Этого-то как раз мы и не допустим.
— Помню, однажды после Блоковской конференции в Тарту заехал я к ним в Питер. У Левушки, разумеется, не остановишься. Он в коммуналке все эти годы жил. Ты знаешь это, да? Не знаешь? Да, он жил в коммуналке. Не комната, а такая длинная кишка. У стены кровать, а туда, дальше к окну, стол. Все — в одну линию. Ну, конечно, книги, рукописи — всюду. На столе, под столом, на кровати, на подоконнике, на полу — где хочешь. Не пролазно. Между кроватью и стенкой — проход не больше метра. Одним словом, останавливался я обычно у нашего общего знакомого, точнее, его друга — Маркузина.

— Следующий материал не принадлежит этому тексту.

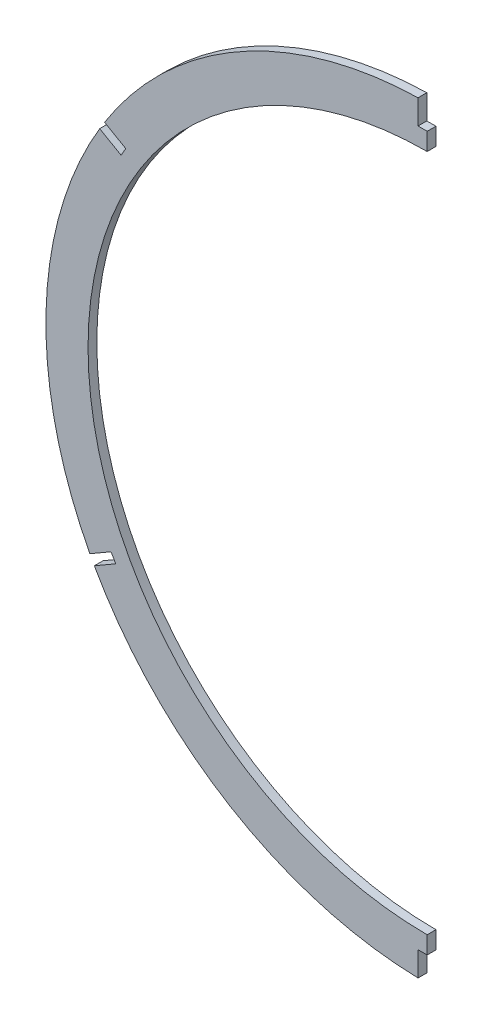
from build123d import *

# Parameters (mm, degrees)
SKETCH2_R           = 137.922
SKETCH2_R_2         = 122.682
BOSS_EXTRUDE2_DEPTH = 1.5875
SKETCH3_W           = 290.977734258
SKETCH3_H           = 504.828840158
CUT_EXTRUDE1_DEPTH  = 205.235122161
CUT_EXTRUDE2_DEPTH  = 205.25363055


with BuildPart() as part:
    # Sketch2 → Boss-Extrude2 (new, symmetric)
    with BuildSketch(Plane(origin=(248.273568551, -245.01347209, 0), x_dir=(0, -1, 0), z_dir=(0, 0, -1))):
        with Locations((-257.71347209, 248.273568551)):
            Circle(SKETCH2_R)
        with Locations((-257.71347209, 248.273568551)):
            Circle(SKETCH2_R_2, mode=Mode.SUBTRACT)
    extrude(amount=BOSS_EXTRUDE2_DEPTH, both=True)

    # Sketch3 → Cut-Extrude1 (cut, through all)
    with BuildSketch(Plane(origin=(0, 0, 0), x_dir=(0, 0, -1), z_dir=(1, 0, 0))):
        with Locations((4.206907001, 10.947122083)):
            Rectangle(SKETCH3_W, SKETCH3_H)
    extrude(amount=CUT_EXTRUDE1_DEPTH, mode=Mode.SUBTRACT)

    # Sketch5 → Cut-Extrude2 (cut, through all)
    with BuildSketch(Plane.XY.offset(1.5875)):
        with BuildLine():
            Line((-3.302, 150.582467631), (-3.302, 141.732))
            Line((-3.302, 141.732), (0, 141.732))
            Line((0, 141.732), (0, 150.622))
            ThreePointArc((0, 150.622), (-1.651118319, 150.612116554), (-3.302, 150.582467631))
        make_face()
        with BuildLine():
            Line((-3.302, -116.332), (-3.302, -125.182467631))
            ThreePointArc((-3.302, -125.182467631), (-1.651118319, -125.212116554), (0, -125.222))
            Line((0, -125.222), (0, -116.332))
            Line((0, -116.332), (-3.302, -116.332))
        make_face()
        with BuildLine():
            Line((-114.354109205, -47.189929975), (-122.010798327, -51.610521501))
            ThreePointArc((-122.010798327, -51.610521501), (-121.213773508, -53.100449816), (-120.398555388, -54.580501964))
            Line((-120.398555388, -54.580501964), (-112.665009205, -50.115536994))
            Line((-112.665009205, -50.115536994), (-114.354109205, -47.189929975))
        make_face()
        with BuildLine():
            Line((-109.043255392, 81.788598611), (-116.699944513, 86.209190137))
            ThreePointArc((-116.699944513, 86.209190137), (-117.591747875, 84.773982239), (-118.465901574, 83.327956562))
            Line((-118.465901574, 83.327956562), (-110.732355392, 78.862991592))
            Line((-110.732355392, 78.862991592), (-109.043255392, 81.788598611))
        make_face()
    extrude(amount=-CUT_EXTRUDE2_DEPTH, mode=Mode.SUBTRACT)


solid = part.part

Ну что, заезжаю я однажды после конференции к Маркузину, а он уже на пороге, в плаще, страх как торопится. «Хорошо, что приехал, — бросает мне, — как раз кстати, поехали Левушку выручать». Выручать? Откуда?.. Что ты, думаешь, случилось? Его арестовали — милиционера целовать полез, прямо там на Балтийском вокзале. И вот для выкупа нужны были поручительства от двух свидетелей. Вот почему так обрадовался мне Маркузин.
Смотрю на Хромополка — клюет. Никаких сомнений. На меня не смотрит, но слушает в четыре уха.
— Вообще, понимаешь, военных очень любил. Погоны, баталии — со страстью мальчишки. Хлебом не корми. Но был ученым. Память была феноменальная. Как у компьютера. Нечеловеческая память. Раз запусти в нее что-то — и навечно. Тоже своего рода болезнь. Но кроме памяти, — пшик, ничего — хоть шаром покати. Возьми, к примеру, его этногенез, то есть моменты зарождения и поведения этноса в зависимости от географии, ландшафта, климата и так далее. Звучит классически, а на самом деле кисельчик. Пара расхожих очевидностей — и ничего больше. Например, города не возникали в степях, а — у рек, озер или морей. В степях не занимались рыболовством, а разводили скот. У рек не разводили скот, а занимались рыболовством. Земледелие развивали вблизи городов, то есть поблизости от воды. Ну что это? Ученым надо быть, чтоб знать это, вещать об этом на весь мир? Лошади жуют овес, Волга впадает в Каспийское море — все его открытия. Зато ученой пыли — хоть отбавляй. Чего только стоит это центральное словечко всей его теории — пассионарность? Берется иноземное слово passion — страсть, лихо вбивается в наукозвучный термин и говорится, что, если страсти много, человек (или целый этнос как совокупность человеков) делает успехи, а если ее мало — этнос вырождается и подчас гибнет совсем. Ну чего здесь мудреного? Только звук! Пассионарность… Ты чувствуешь, как звучит? Какой академический вес в нем, глыба!.. Не зря потом Солженицын клич бросил из-под глыб выбираться.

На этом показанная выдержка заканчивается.